### Material for this task
=== Section Start ===
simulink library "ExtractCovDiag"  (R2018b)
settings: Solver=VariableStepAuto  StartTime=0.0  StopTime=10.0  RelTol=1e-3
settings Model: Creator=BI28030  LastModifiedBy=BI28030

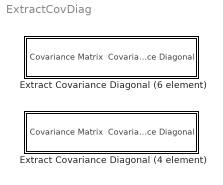
== system ExtractCovDiag ==
  Extract Covariance Diagonal (4 element) : Subsystem
  Extract Covariance Diagonal (6 element) : Subsystem

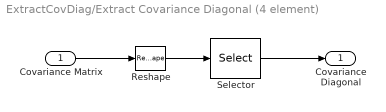
== system ExtractCovDiag/Extract Covariance Diagonal (4 element) ==
  Covariance Matrix : Inport
  Reshape : Reshape
  Selector : Selector  InputPortWidth=16  IndexOptions=Index vector (dialog)  Indices=[1,6,11,16]  OutputSizes=1
  Covariance Diagonal : Outport
  wires:
  Selector/1 -> Covariance Diagonal/1
  Covariance Matrix/1 -> Reshape/1
  Reshape/1 -> Selector/1

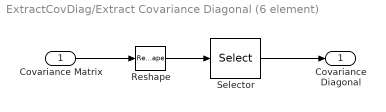
== system ExtractCovDiag/Extract Covariance Diagonal (6 element) ==
  Covariance Matrix : Inport
  Reshape : Reshape
  Selector : Selector  InputPortWidth=36  IndexOptions=Index vector (dialog)  Indices=[1 8 15 22 29 36]  OutputSizes=1
  Covariance Diagonal : Outport
  wires:
  Selector/1 -> Covariance Diagonal/1
  Covariance Matrix/1 -> Reshape/1
  Reshape/1 -> Selector/1
=== Section End ===
### Your instructions
Where a line of the entries contains "IndexOptions", report that line.

### Your solution
  Selector : Selector  InputPortWidth=16  IndexOptions=Index vector (dialog)  Indices=[1,6,11,16]  OutputSizes=1
  Selector : Selector  InputPortWidth=36  IndexOptions=Index vector (dialog)  Indices=[1 8 15 22 29 36]  OutputSizes=1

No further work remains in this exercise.